As I mentioned in episode 106, a criticism that I’ve seen levied at Scrum is that it doesn’t provide a unified vision for the team to work toward. Without that vision, the team lurches from short-term goal to short-term goal and Developers struggle to understand what they’re building and why they’re building it.

It’s true that Scrum didn’t tell you to create that goal. Of course, nothing prevented a Product Owner from doing that, either, and the best Product Owners I’ve worked with did just that. With the Scrum Guide making that Product Goal an explicit part of Scrum, it’s going to make a big difference in the way people look at how they’re practicing Scrum. Here’s what the Scrum Guide has to say about the Product Goal:

“The Product Goal describes a future state of the product which can serve as a target for the Scrum Team to plan against. The Product Goal is in the Product Backlog. The rest of the Product Backlog emerges to define ‘what’ will fulfill the Product Goal”.

So, the Product Goal is the why and the rest of the Product Backlog is the what.

I like that statement because it describes a future state of the product to plan against. I think this shows us what the difference is between a Product Goal and a Product Vision.

How Does the Product Goal Create a Broader Vision?

You’ve probably heard of SMART goals. SMART being an acronym for specific, measurable, achievable, relevant, and time-bound.

A product vision may lack some of those characteristics.

Let’s imagine we are running a vacation resort and our vision is to become the destination of choice for travelers to our region. That is pretty broad, rather than being specific. It’s not measurable — or at least it’s not easily measurable. We don’t know if it’s achievable until we try. It is relevant to our business, but there’s no time statement in there. So it’s not a SMART goal. It’s inspiring, but by itself, that vision is not enough to give a Scrum Team what they need to know and how to move forward.

A Product Goal is a concrete step toward realizing that broader vision. It’s at the very least specific and measurable. We might not know if it’s achievable or realistic until we try. It might be time boxed, but it isn’t always. Sometimes, instead of setting a release date, the release boundary is the features the product must have. The release date is flexible. Often, of course, we have a time constraint. For our imaginary resort, we might want to make a new product available around the time people start planning their vacations for our tourist season.

So, our imaginary resort’s vision is to be the destination of choice for travelers to their region. What does a Product Goal look like?

It might be something like, “Create a rainforest hike package that will appeal to young couples”. That is specific and measurable: We know what it is we’re trying to achieve; we know who we’re targeting, and we will know when we’ve achieved it.

Looking back again at that definition of Product Goal: The Product Goal is in the Product Backlog. The rest of the Product Backlog emerges to define WHAT will fulfill the Product Goal. That has some specific benefits.

The Product Goal creates transparency. We know why we’re building the product, and we know whether it makes sense to keep building this product. Is the “why” still a concern? If not, we can end the product development effort. Our imaginary resort can look at whether young couples are responding to our offerings, or whether they even travel to our region at a rate high enough to justify the cost of developing the new product.

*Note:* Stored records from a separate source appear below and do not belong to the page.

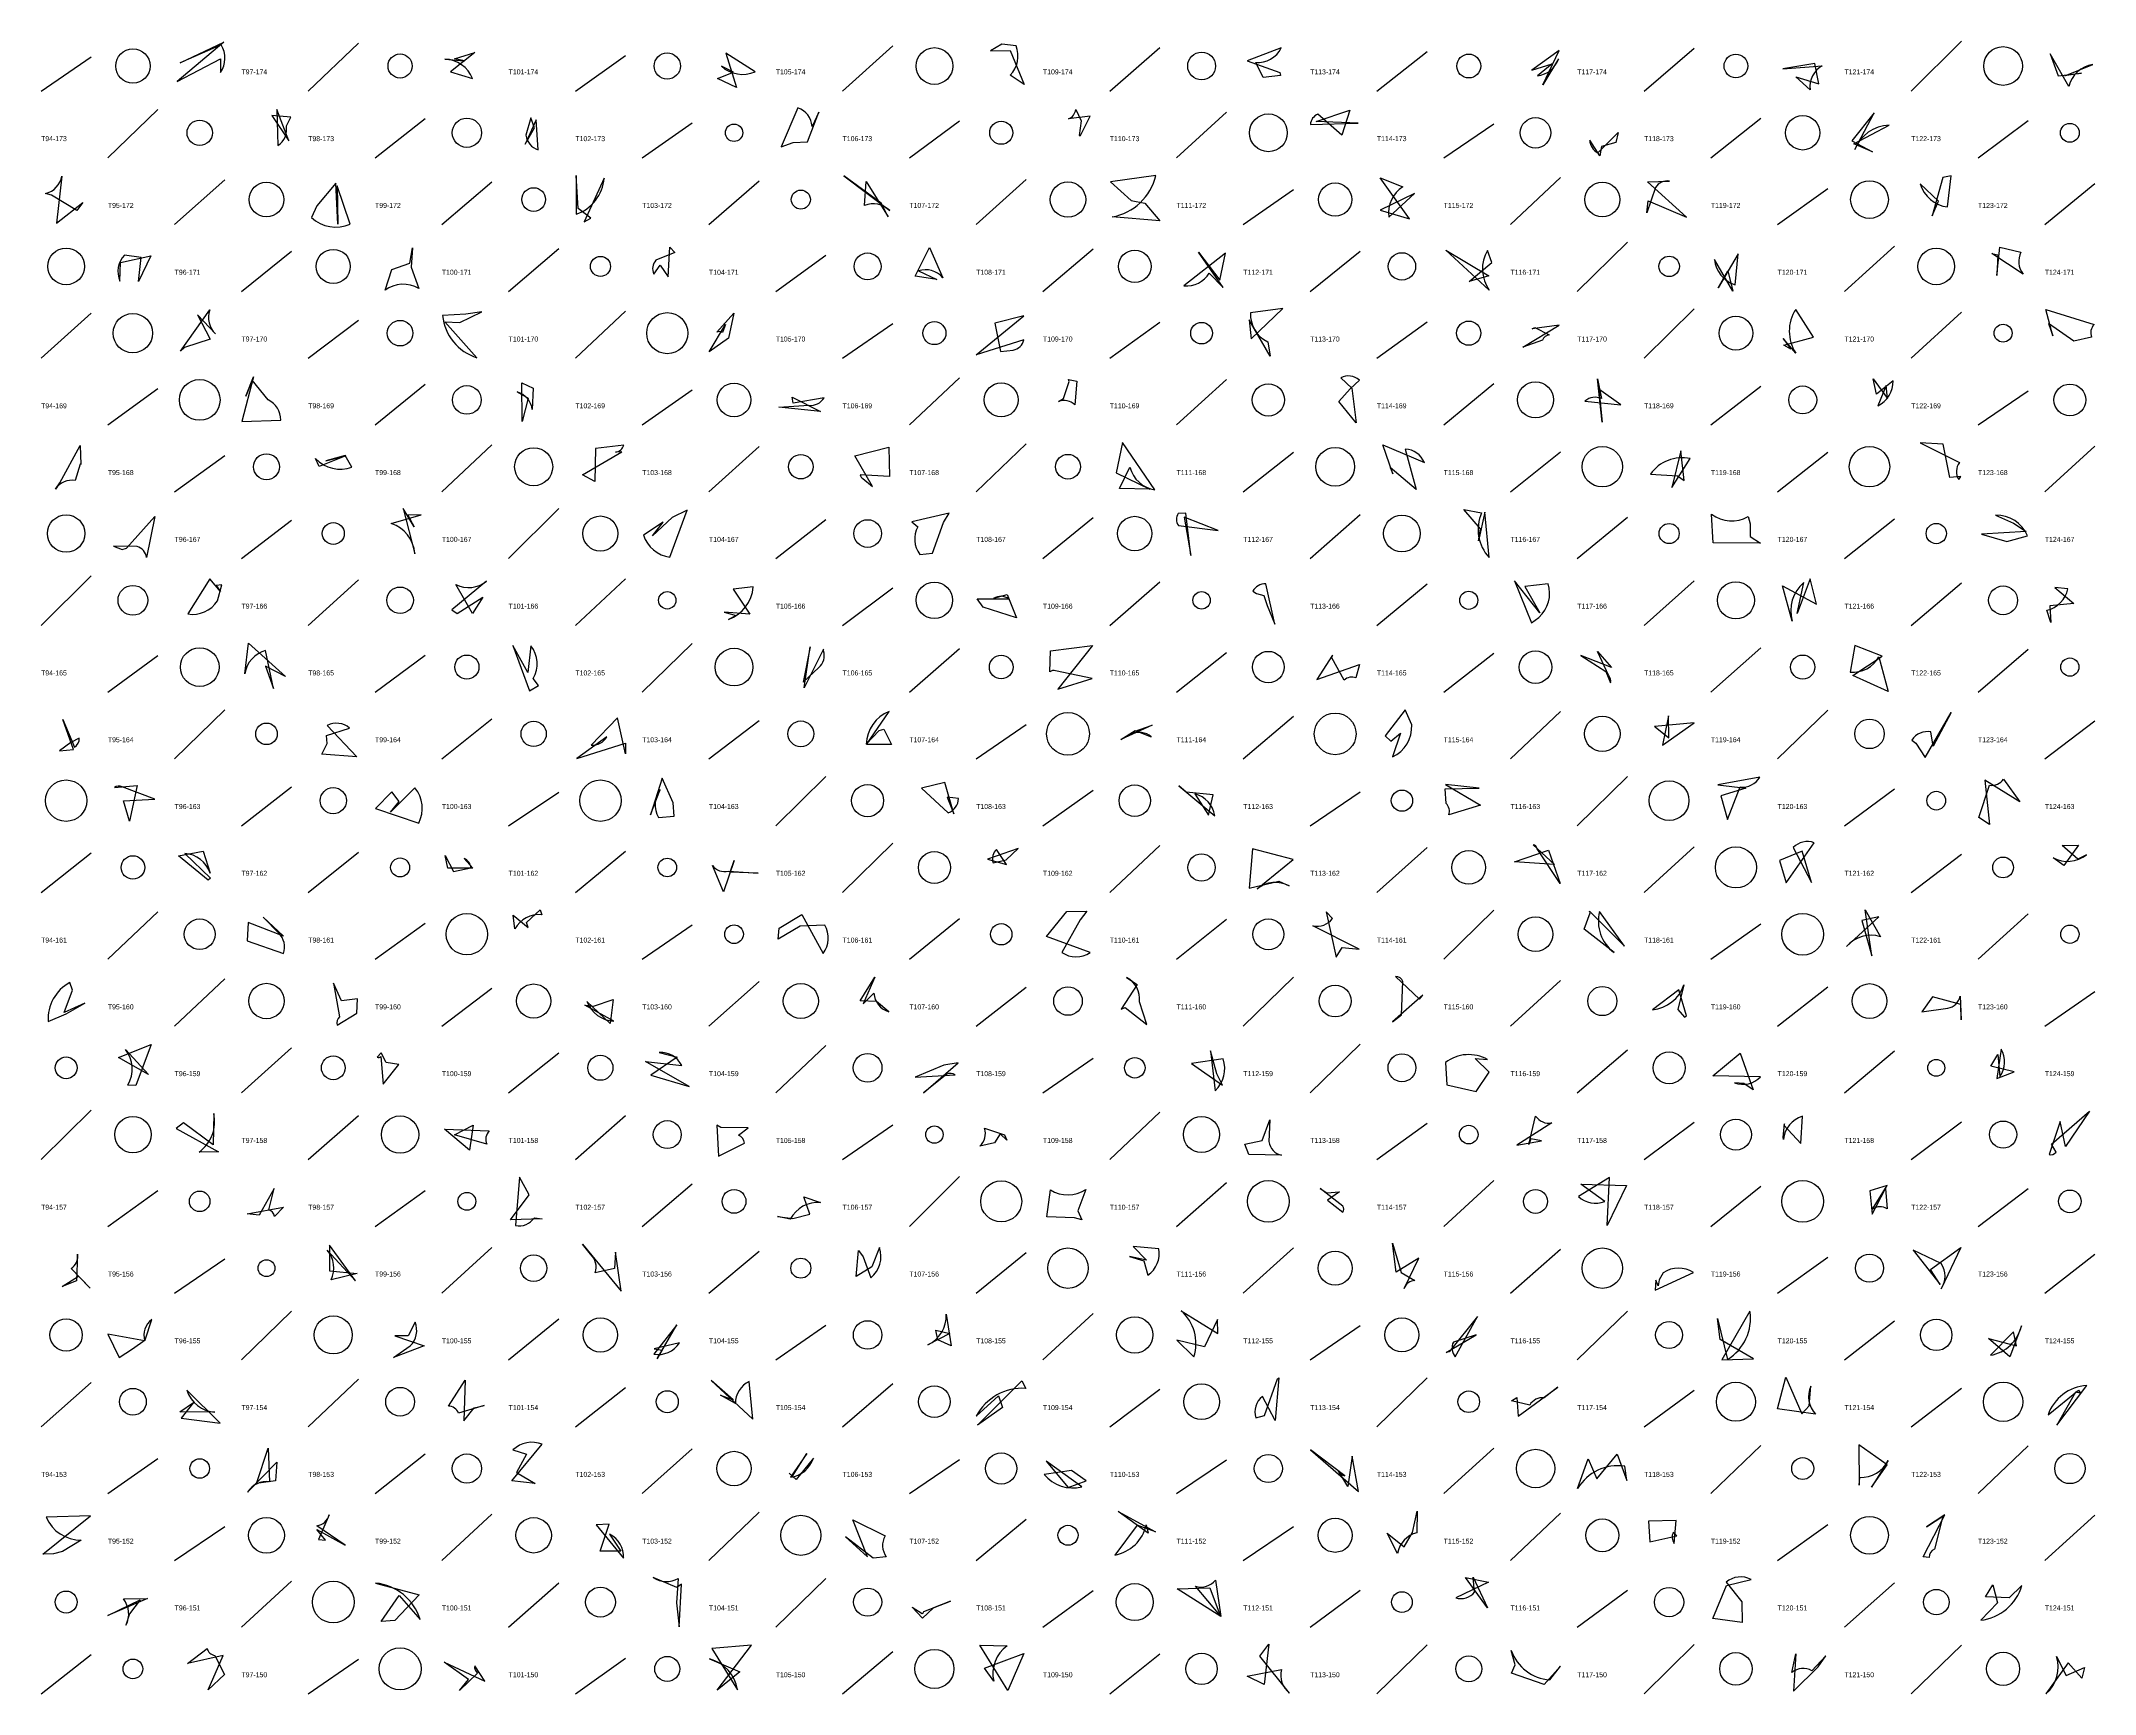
# Model space of a CAD drawing. Header units: millimetres. Extents: x -1 to 9990, y 0 to 15990.
# Drawn here: x 3760 to 4990, y 6000 to 6990 of the extents above; entities that cross this region are included whole.
import ezdxf

# ---------------------------------------------------------------- set-up
doc = ezdxf.new("R2010")
doc.units = ezdxf.units.MM
doc.layers.add('TEXT', color=3, linetype='Continuous')
doc.layers.add('WALL', color=1, linetype='Continuous')

msp = doc.modelspace()

# ---------------------------------------------------------------- linework, layer by layer
for points in [[(3841.6, 6965.7), (3867.5, 6979.3), (3867.5, 6971.1, 0.3), (3867.8, 6987.7), (3843.3, 6976.9), (3869.5, 6989.3)], [(4340.3, 6984.2), (4348.8, 6963.9), (4340.3, 6969.5, 0.3), (4343.9, 6987.1), (4335.3, 6988.1), (4328.5, 6984.1)], [(4019.7, 6983), (4005.1, 6971.5), (4018.4, 6967.5, 0.3), (4001.8, 6979.1), (4013.5, 6978.1), (4007.6, 6979.4)], [(4165, 6967.6), (4174.7, 6971.4), (4167.4, 6974.9, 0.3), (4187.6, 6971.6), (4170.1, 6982.6), (4176.5, 6962.1)], [(4502.2, 6969.3), (4491.8, 6968.1), (4487.4, 6977.1, 0.3), (4502.7, 6985.8), (4482.2, 6978.1), (4501.9, 6971.1)], [(4652.8, 6972.5), (4665, 6976.3), (4656.1, 6969.2, 0.3), (4668.7, 6979.4), (4659.3, 6963.7), (4669.1, 6984.3)], [(4822.3, 6976.6), (4803, 6973.3), (4826.7, 6975.1, 0.3), (4819.4, 6960.8), (4810.9, 6968.5), (4824.7, 6964.3)], [(4982, 6970.7), (4972, 6969.2), (4988.8, 6975.9, 0.3), (4974.3, 6962.8), (4963.2, 6982.2), (4968, 6969.1)], [(4218.9, 6929.6), (4225.7, 6947.4), (4221.7, 6938.8, 0.3), (4213.2, 6950), (4203.3, 6926.6), (4210.4, 6929.1)], [(3908.4, 6930.1), (3901.1, 6948.9), (3901.8, 6927.3, 0.3), (3906.9, 6939.1), (3909.5, 6944.4), (3898.2, 6945.4)], [(4055.4, 6937.9), (4053.4, 6944), (4050.4, 6933.6, 0.3), (4057.7, 6924.8), (4056.4, 6942.7), (4050, 6928.2)], [(4382.4, 6933.3), (4388.3, 6944.9), (4375.2, 6943.4, 0.3), (4379.6, 6949), (4382.8, 6942.1), (4381.7, 6933.3)], [(4543.7, 6948.5), (4538.9, 6933.6), (4524.7, 6946.1, 0.3), (4520.2, 6939.9), (4548.7, 6940.8), (4523.7, 6941.7)], [(4856.8, 6923.6), (4845.7, 6928.4), (4866.7, 6939.6, 0.3), (4846.2, 6924.9), (4857.7, 6946.9), (4844.4, 6930.1)], [(4694.6, 6926.8), (4693.6, 6921.3), (4687.5, 6930.6, 0.3), (4692.4, 6923.1), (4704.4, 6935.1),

The Product Goal helps us understand what value we expect to create so we can validate if our efforts are creating the desired outcome. As our resort creates initial increments of the product, it can monitor how often young couples purchase the rainforest hike package, how much they’re willing to pay, and what they say would make it better.

The Product Goal helps us understand what should be in the Product Backlog and what should be out of it. Our resort’s goal is targeting young couples, so the team can weed out child-friendly options for the product.

How Does the Product Goal Help the Product Owner?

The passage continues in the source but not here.